If you monitor `logProb_y` then you are monitoring the log density of the 'y' values conditional on all the parameters (including latent states) that are included in the model. `logProb_y` should give you the same thing as manually putting in the "<- dHMMo" declaration into the model.

To get a single WAIC, yes, you would `rbind` the quantities from all the chains together and then "manually" implement the WAIC calculation following, say, the Gelman reference. As discussed in our WAIC documentation, what you get for WAIC will depend on what you define as an "observation" (i.e. what is "y_i" in the equations in the Gelman ref), which in cases with correlated data can be tricky to decide
and in such cases there is probably no single "right" choice. 

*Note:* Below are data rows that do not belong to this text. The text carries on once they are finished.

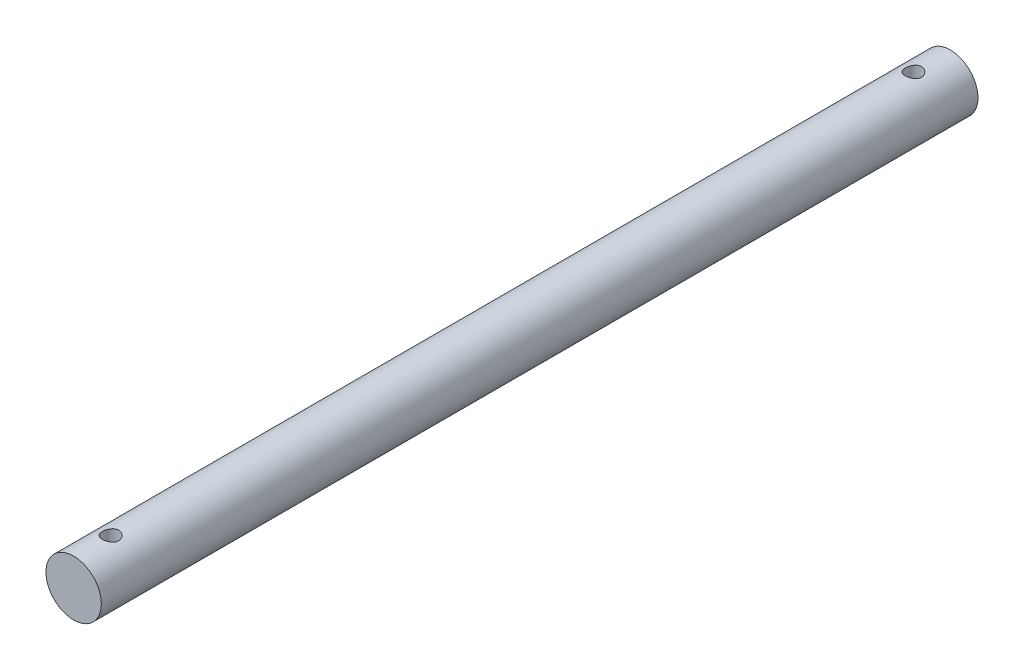
SolidWorks part; units mm, degrees
ref_plane "Front Plane" through (0, 0, 0) normal (0, 0, 1) x (1, 0, 0)
ref_plane "Top Plane" through (0, 0, 0) normal (0, 1, 0) x (1, 0, 0)
ref_plane "Right Plane" through (0, 0, 0) normal (1, 0, 0) x (0, 0, -1)
sketch "Sketch1" plane through (0, 0, 0) normal (0, 0, 1) x (1, 0, 0)
  circle A0 centre (0, 0) radius 6
  dimension "D1" = 12
extrude "Boss-Extrude1" add sketch "Sketch1" along normal blind 190
sketch "Sketch2" plane through (0, 0, 0) normal (0, 1, 0) x (1, 0, 0)
  line L0 (-6, -190) -> (6, -190) construction
  circle A0 centre (0, -8) radius 1.75
  circle A1 centre (0, -182) radius 1.75
  dimension "D1" = 3.5
  dimension "D3" = 3.5
  dimension "D2" = 8
  dimension "D4" = 8
extrude "Cut-Extrude1" cut sketch "Sketch2" against normal through all both and the other way through all

As far as monitoring parameters related to age estimation, if you're manually calculating WAIC based on monitoring `logProb_y` then what parameters you monitor is no longer relevant because you have the logProb values directly. The question for you becomes which logProb values to include in the WAIC calculation. If you leave out the logProb values for certain parts of the data in calculating WAIC, you are saying that your model comparison is done based only on how well the model fits the data that are included in the WAIC calculation. It seems plausible to me that you could do a reasonable comparison based only on survival data, but as I said initially, I haven't absorbed the actual structure of your model.